(Entries taken from a collection)
+---+

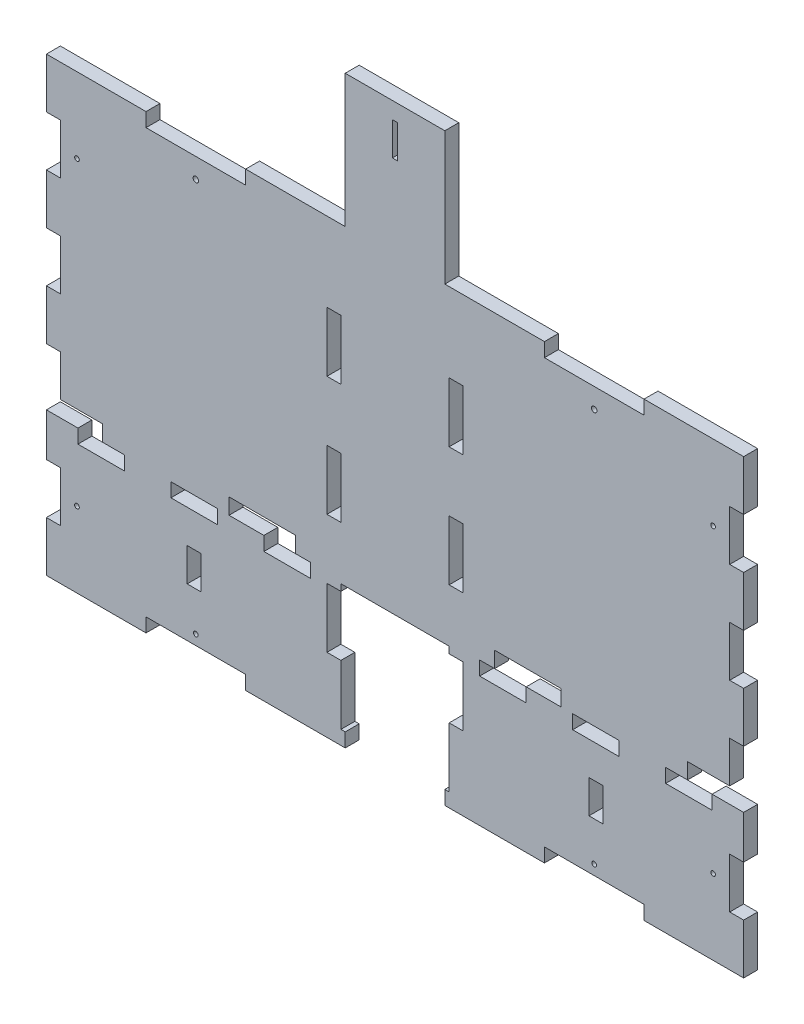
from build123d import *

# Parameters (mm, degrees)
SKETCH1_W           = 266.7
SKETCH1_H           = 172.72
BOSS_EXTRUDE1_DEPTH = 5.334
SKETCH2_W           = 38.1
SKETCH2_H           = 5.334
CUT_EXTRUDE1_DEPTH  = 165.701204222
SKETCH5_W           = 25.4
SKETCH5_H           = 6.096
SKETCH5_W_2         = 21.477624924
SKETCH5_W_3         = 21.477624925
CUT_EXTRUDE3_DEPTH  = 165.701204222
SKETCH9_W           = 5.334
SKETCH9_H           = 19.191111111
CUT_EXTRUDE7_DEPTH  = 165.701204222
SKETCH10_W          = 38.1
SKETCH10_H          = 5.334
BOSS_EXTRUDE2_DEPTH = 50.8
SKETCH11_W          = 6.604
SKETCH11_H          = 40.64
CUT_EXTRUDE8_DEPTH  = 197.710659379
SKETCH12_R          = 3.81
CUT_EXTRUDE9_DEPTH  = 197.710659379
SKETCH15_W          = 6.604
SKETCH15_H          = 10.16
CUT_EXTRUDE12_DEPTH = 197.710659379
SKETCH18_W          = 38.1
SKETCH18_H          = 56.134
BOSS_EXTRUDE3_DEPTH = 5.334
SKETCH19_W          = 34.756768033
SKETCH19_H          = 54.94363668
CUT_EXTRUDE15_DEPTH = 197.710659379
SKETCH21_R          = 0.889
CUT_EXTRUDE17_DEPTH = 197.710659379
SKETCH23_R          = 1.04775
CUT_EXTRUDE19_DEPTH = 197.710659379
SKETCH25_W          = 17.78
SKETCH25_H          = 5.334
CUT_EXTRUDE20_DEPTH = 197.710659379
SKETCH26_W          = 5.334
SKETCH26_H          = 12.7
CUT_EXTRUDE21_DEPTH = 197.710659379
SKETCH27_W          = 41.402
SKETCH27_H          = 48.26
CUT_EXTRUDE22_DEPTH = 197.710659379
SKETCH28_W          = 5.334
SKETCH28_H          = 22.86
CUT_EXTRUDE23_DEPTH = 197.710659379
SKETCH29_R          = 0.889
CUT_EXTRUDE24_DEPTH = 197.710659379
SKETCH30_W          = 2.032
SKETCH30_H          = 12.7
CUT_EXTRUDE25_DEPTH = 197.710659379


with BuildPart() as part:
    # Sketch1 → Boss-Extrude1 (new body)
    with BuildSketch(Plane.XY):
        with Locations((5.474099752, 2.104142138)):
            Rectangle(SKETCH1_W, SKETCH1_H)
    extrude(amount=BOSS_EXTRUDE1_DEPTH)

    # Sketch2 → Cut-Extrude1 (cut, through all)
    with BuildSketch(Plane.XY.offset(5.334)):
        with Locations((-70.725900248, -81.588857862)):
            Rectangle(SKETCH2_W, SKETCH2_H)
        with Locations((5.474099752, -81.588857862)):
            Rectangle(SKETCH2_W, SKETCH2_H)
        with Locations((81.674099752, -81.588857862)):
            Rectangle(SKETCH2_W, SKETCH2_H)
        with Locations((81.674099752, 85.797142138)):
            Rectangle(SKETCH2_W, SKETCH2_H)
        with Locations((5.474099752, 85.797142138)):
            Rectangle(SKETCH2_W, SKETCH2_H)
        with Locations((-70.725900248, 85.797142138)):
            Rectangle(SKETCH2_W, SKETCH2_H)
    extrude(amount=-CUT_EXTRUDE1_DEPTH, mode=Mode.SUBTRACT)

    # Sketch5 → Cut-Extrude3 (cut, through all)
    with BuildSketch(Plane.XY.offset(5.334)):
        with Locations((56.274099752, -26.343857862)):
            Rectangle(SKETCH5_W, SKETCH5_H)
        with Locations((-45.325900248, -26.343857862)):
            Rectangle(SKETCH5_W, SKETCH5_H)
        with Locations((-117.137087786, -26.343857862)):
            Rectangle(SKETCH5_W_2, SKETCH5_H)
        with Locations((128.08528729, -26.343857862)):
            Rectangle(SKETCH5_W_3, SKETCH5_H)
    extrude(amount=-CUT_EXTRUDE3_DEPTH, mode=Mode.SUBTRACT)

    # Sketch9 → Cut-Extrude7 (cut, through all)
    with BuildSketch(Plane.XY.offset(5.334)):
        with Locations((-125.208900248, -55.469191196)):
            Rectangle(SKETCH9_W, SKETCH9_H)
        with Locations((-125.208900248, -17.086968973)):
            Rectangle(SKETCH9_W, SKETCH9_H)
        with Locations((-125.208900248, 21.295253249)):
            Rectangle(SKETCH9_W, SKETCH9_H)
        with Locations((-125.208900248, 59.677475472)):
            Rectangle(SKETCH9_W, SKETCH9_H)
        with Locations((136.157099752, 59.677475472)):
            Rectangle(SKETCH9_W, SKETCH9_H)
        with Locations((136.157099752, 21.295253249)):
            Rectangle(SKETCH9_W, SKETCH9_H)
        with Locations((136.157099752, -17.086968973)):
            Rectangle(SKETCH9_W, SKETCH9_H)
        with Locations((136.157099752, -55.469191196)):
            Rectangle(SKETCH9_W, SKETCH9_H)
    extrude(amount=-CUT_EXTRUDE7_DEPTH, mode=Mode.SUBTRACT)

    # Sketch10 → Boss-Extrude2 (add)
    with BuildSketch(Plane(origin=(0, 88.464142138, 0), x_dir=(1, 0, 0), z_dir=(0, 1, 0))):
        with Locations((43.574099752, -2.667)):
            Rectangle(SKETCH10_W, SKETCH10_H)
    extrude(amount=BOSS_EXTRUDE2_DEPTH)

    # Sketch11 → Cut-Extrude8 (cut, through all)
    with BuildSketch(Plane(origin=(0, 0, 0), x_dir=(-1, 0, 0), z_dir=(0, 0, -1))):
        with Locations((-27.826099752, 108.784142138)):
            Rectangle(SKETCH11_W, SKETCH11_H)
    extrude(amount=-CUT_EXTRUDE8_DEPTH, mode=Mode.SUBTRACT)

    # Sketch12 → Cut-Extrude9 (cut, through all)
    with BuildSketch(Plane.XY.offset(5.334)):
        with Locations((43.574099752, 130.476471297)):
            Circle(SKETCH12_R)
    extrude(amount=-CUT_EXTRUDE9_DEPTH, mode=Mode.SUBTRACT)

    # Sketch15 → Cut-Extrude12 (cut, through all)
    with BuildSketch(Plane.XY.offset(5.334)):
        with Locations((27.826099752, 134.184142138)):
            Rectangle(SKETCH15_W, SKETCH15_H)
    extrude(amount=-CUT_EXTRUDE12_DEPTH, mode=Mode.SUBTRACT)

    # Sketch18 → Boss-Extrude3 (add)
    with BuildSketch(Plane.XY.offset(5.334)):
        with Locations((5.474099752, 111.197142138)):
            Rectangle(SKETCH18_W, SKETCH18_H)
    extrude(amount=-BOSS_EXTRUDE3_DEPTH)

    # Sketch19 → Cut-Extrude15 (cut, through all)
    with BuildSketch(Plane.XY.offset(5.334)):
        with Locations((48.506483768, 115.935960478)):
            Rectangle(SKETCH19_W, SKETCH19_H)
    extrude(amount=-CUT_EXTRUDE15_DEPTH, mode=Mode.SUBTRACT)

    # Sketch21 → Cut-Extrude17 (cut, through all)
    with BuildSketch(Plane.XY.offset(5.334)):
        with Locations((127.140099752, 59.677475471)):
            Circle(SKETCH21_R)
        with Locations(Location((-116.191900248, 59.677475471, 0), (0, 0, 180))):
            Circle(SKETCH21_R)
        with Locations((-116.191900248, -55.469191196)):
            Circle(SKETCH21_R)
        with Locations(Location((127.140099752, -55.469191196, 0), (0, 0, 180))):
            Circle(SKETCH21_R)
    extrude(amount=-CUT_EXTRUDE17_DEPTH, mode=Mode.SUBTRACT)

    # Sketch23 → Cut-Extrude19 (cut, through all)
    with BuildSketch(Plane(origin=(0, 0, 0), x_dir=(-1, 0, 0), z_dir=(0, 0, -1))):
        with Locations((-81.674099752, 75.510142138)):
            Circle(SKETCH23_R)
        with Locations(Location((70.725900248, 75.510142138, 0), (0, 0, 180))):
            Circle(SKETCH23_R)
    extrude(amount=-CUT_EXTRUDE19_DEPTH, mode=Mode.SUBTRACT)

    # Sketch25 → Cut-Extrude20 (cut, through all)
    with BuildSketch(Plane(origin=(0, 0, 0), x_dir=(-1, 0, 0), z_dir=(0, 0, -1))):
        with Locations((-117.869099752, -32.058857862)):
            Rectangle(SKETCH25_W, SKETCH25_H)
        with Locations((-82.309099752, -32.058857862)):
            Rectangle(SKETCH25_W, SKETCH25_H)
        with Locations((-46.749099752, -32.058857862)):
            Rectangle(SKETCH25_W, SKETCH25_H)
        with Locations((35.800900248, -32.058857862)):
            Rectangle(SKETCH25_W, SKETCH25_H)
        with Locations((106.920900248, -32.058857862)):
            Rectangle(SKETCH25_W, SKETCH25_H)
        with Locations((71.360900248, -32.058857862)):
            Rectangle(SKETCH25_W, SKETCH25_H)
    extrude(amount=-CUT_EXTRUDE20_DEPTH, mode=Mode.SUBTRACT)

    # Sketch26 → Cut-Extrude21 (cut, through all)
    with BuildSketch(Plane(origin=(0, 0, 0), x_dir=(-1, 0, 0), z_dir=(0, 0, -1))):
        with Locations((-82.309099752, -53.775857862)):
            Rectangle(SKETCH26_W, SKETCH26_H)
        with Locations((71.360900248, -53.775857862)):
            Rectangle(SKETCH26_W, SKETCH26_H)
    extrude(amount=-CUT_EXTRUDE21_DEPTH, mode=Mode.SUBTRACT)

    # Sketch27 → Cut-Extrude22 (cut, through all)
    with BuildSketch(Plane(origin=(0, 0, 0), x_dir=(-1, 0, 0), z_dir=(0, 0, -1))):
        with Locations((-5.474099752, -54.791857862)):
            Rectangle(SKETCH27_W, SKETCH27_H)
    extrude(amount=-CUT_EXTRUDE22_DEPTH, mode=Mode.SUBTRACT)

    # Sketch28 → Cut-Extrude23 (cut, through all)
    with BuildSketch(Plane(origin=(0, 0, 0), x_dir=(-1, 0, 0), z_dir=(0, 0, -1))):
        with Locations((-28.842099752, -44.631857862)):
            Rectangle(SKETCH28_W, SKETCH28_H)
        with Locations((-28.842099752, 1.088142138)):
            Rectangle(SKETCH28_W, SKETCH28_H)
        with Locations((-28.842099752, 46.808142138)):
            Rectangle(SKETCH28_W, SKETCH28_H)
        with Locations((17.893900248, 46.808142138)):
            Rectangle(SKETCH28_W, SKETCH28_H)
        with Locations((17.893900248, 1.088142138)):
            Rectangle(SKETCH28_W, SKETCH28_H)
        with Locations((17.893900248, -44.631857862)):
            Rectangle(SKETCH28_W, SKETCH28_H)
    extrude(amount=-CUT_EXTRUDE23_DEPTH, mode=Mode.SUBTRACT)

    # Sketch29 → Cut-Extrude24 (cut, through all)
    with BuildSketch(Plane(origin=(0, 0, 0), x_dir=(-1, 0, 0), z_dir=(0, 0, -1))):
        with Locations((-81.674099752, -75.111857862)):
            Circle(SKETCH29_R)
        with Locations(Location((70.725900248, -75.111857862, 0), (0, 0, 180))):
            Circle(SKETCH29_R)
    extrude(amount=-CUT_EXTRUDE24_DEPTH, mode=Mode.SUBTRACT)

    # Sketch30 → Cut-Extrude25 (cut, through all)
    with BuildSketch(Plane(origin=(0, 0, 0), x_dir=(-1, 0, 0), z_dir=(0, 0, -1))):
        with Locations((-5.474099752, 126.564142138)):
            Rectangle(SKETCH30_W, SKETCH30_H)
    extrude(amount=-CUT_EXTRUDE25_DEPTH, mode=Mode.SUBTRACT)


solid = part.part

+---+

YOUR TASK:
Repeat only the lines running from the line that contains "Rectangle(SKETCH30_W, SKETCH30_H)" through the last line above, inclusive.

TASK ANSWER:
            Rectangle(SKETCH30_W, SKETCH30_H)
    extrude(amount=-CUT_EXTRUDE25_DEPTH, mode=Mode.SUBTRACT)


solid = part.part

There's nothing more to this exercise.